Layoffs alarm supporters of Catholic Social Teaching USCCB restructures justice and peace department

Barb Arland-Fye
Mayra Hernandez of Quad Cities Interfaith, speaks during a Dec. 14, 2022 press conference outside diocesan headquarters in Davenport.

By Barb Arland-Fye
The Catholic Messenger

Despite layoffs that affect Catholic Campaign for Human Development (CCHD) employees at the national level, the Diocese of Davenport announced that its CCHD intern, Julissa Govea, would serve a second year, beginning this fall. CCHD works to break the cycle of poverty and is a program of the U.S. Conference of Catholic Bishops (USCCB).


Govea, a student at the University of Iowa majoring in political science, will continue her work with the Center for Worker Justice of Eastern Iowa. She has been focusing on assisting employees recover unpaid wages from their employers. This experience has shown her that “social justice and Catholic faith do intersect in advocating for awareness in the community,” she said during a Lunch and Learn webinar of the Davenport Davenport’s Social Action Office in March.

Criticism of some organizations that received CCHD funding has been an issue for years, as the late Msgr. Marvin Mottet, a priest of the Diocese of Davenport, discovered when he led the organization (1978-85). However, every funded organization must pass a thorough vetting process, said Deacon Kent Ferris, who leads the Davenport Diocese’s Social Action Office and oversees the diocesan CCHD program.


“While we await formal and direct information regarding the extent to which the CCHD anti-poverty campaign is to change, I recall the many ways communities in our diocese have benefited,” Deacon Ferris said. “People living and working in poverty have broken through the web of poverty by speaking from their lived experience.”

“For Catholics, CCHD has enabled us to more fully integrate our faith and how it can be expressed in the preferential option for the poor,” Deacon Ferris said. “In particular, the CCHD Intern program has provided the Catholic faithful, oftentimes young adult Catholics, with direct experience working with CCHD-funded groups in affecting real-time change.”

Deacon Ferris pointed to the example set by former CCHD intern Mayra Hernandez, who recently served as interim executive director for Quad Cities Interfaith (QCI). She helped QCI promote and advocate for “safe and affordable housing before, during and after the tragic apartment building collapse in Davenport last year that left three people dead and others injured.”

Govea in her work with the Center for Worker Justice in Iowa City also demonstrates the value of CCHD, Deacon Ferris said. She “provided direct support to those affected by workplace wage theft and also captured her experience in a presentation that explained the basics of Catholic Social Teaching powerfully.”

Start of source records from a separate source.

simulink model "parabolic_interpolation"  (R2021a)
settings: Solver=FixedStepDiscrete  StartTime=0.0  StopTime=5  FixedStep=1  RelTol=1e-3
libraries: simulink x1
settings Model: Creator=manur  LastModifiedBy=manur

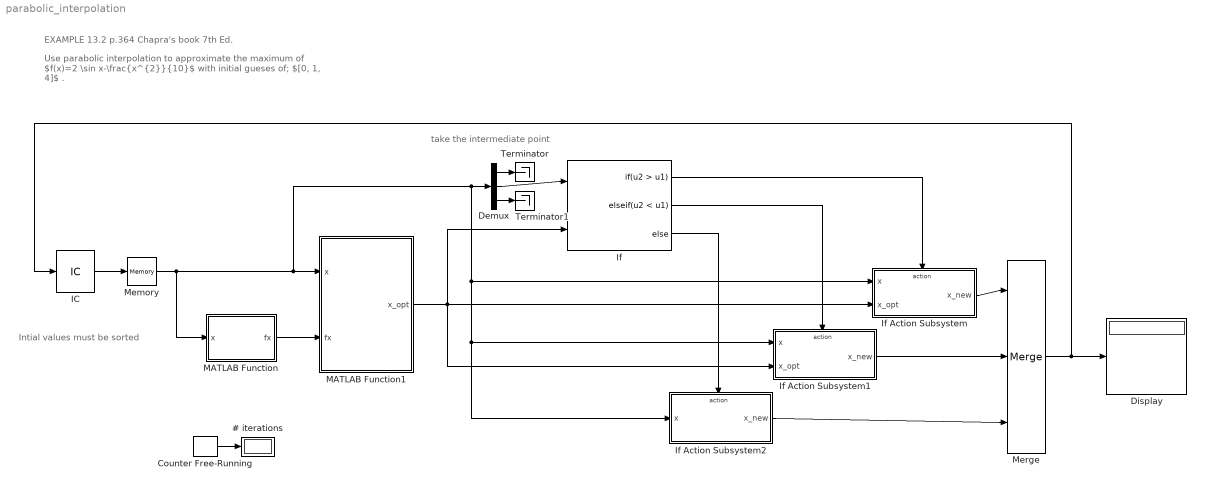
== system parabolic_interpolation ==
  note: EXAMPLE 13.2 p.364 Chapra's book 7th Ed.
  note: Use parabolic interpolation to approximate the maximum of
      | $f(x)=2 \sin x-\frac{x^{2}}{10}$
      | with initial gueses of; $[0, 1, 4]$ .
  note: Intial values must be sorted
  note: take the intermediate point
  # iterations : Display
  Counter Free-Running : simulink/Sources/Counter Free-Running  NumBits=16  tsamp=-1
  Demux : Demux  Outputs=3
  Display : Display
  IC : InitialCondition  Value=[0 1 4]
  If : If  NumInputs=2  IfExpression=u2 > u1  ElseIfExpressions=u2 < u1
  If Action Subsystem : Subsystem  TreatAsAtomicUnit=on
  If Action Subsystem1 : Subsystem  TreatAsAtomicUnit=on
  If Action Subsystem2 : Subsystem  TreatAsAtomicUnit=on
  MATLAB Function : MATLAB Function  TreatAsAtomicUnit=on
  MATLAB Function1 : MATLAB Function  TreatAsAtomicUnit=on
  Memory : Memory
  Merge : Merge  Inputs=3
  Terminator : Terminator
  Terminator1 : Terminator
  wires:
  Counter Free-Running/1 -> # iterations/1
  MATLAB Function/1(fx) -> MATLAB Function1/2(fx)
  Memory/1 -> Demux/1, If Action Subsystem2/1(x), If Action Subsystem1/1(x), If Action Subsystem/1(x), MATLAB Function1/1(x), MATLAB Function/1(x)
  MATLAB Function1/1(x_opt) -> If Action Subsystem1/2(x_opt), If Action Subsystem/2(x_opt), If/2
  If/1 -> If Action Subsystem/Action
  If/2 -> If Action Subsystem1/Action
  If/3 -> If Action Subsystem2/Action
  Demux/2 -> If/1
  Demux/1 -> Terminator/1
  Demux/3 -> Terminator1/1
  If Action Subsystem/1(x_new) -> Merge/1
  If Action Subsystem1/1(x_new) -> Merge/2
  If Action Subsystem2/1(x_new) -> Merge/3
  Merge/1 -> IC/1, Display/1
  IC/1 -> Memory/1

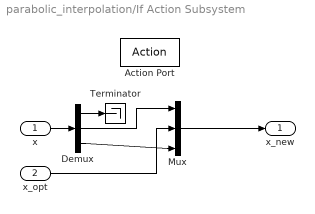
== system parabolic_interpolation/If Action Subsystem ==
  x : Inport
  x_opt : Inport  Port=2
  Action Port : ActionPort  ActionPortLabel=if(u2 > u1)
  Demux : Demux  Outputs=3
  Mux : Mux  Inputs=3
  Terminator : Terminator
  x_new : Outport
  wires:
  x/1 -> Demux/1
  Mux/1 -> x_new/1
  x_opt/1 -> Mux/2
  Demux/2 -> Mux/1
  Demux/3 -> Mux/3
  Demux/1 -> Terminator/1

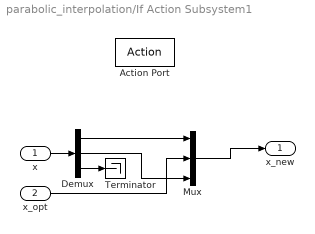
== system parabolic_interpolation/If Action Subsystem1 ==
  x : Inport
  x_opt : Inport  Port=2
  Action Port : ActionPort  ActionPortLabel=elseif(u2 < u1)
  Demux : Demux  Outputs=3
  Mux : Mux  Inputs=3
  Terminator : Terminator
  x_new : Outport
  wires:
  x/1 -> Demux/1
  Mux/1 -> x_new/1
  x_opt/1 -> Mux/2
  Demux/3 -> Terminator/1
  Demux/2 -> Mux/3
  Demux/1 -> Mux/1

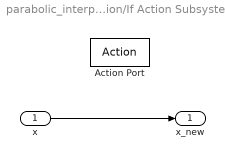
== system parabolic_interpolation/If Action Subsystem2 ==
  x : Inport
  Action Port : ActionPort  ActionPortLabel=else
  x_new : Outport
  wires:
  x/1 -> x_new/1

== matlab function parabolic_interpolation/MATLAB Function1 ==
  data: x input; x_opt output; fx input
function  x_opt = calc_x_opt(x, fx)

A = fx(1)*(x(2)^2-x(3)^2) + fx(2)*(x(3)^2-x(1)^2) + fx(3)*(x(1)^2-x(2)^2);
B = 2*fx(1)*(x(2)-x(3)) + 2*fx(2)*(x(3)-x(1)) + 2*fx(3)*(x(1)-x(2));

x_opt = A/B;

== matlab function parabolic_interpolation/MATLAB Function ==
  data: x input; fx output
function fx = f(x)

fx = 2*sin(x) - x.^2 / 10;

“Having been personally mentored by the late Msgr. Mottet, I have understood the importance of walking with the two feet of social action,” Deacon Ferris said. “The articulation of the same principles by past and present CCHD Catholic young adult interns inspires my future resolve to continue the mission. Now all we ask is for clarity of commitment and organizational structure from our bishops.”

OSV News reported that the USCCB made staffing reductions on June 24 in its Department of Justice, Peace, and Human Development department. CCHD is a part of the department. Quoting USCCB Public Affairs Executive Director Chieko Noguchi, OSV said staff were notified that day of changes in the department’s structure. The reorganization will enable the USCCB “to align resources more closely with recent funding trends,” Noguchi said. “Sadly, this includes a loss of jobs for several staff members.”

She did not specify the number of layoffs, according to OSV, which reported that the department consists of nearly 30 staff employees, two committees of bishops and one bishops’ subcommittee. The office’s activities encompass poverty relief, advocacy, education, social development, anti-racism efforts and environmental justice. OSV also said CCHD employees were among the affected employees.

CCHD, founded in 1969 as the National Catholic Crusade Against Poverty, works to break the cycle of poverty by empowering individuals, families and communities to do something about it. An annual diocesan collection — held nationwide, usually in November — funds CCHD, which has awarded $440 million to almost 12,000 community organizations since its beginning, OSV reported.

The administration of the national collection is being reorganized to allow for more efficient management, Noguchi said in a statement provided to OSV. “The CCHD Subcommittee (of bishops) will continue its work.”

The restructuring follows the USCCB’s spring meeting June 12-14 in Louisville, Kentucky, during which the bishops discussed the future of CCHD. “For a half-century, grants made possible through the annual CCHD collection have gone to help community organizations working to empower people striving to overcome poverty. Now, the bishops have begun the process of discerning the next 50 years,” the USCCB Public Affairs office said in a statement announcing the spring meeting’s agenda.

USCCB President Archbishop Timothy P. Broglio provided an update following the bishops’ discussion. “The bishops had a good discussion, including time to share in small groups. The CCHD subcommittee will take this feedback and discern the best way to incorporate it into the future work of the CCHD. In all these discussions, the bishops’ ongoing commitment to the vital work of fighting poverty was clear.”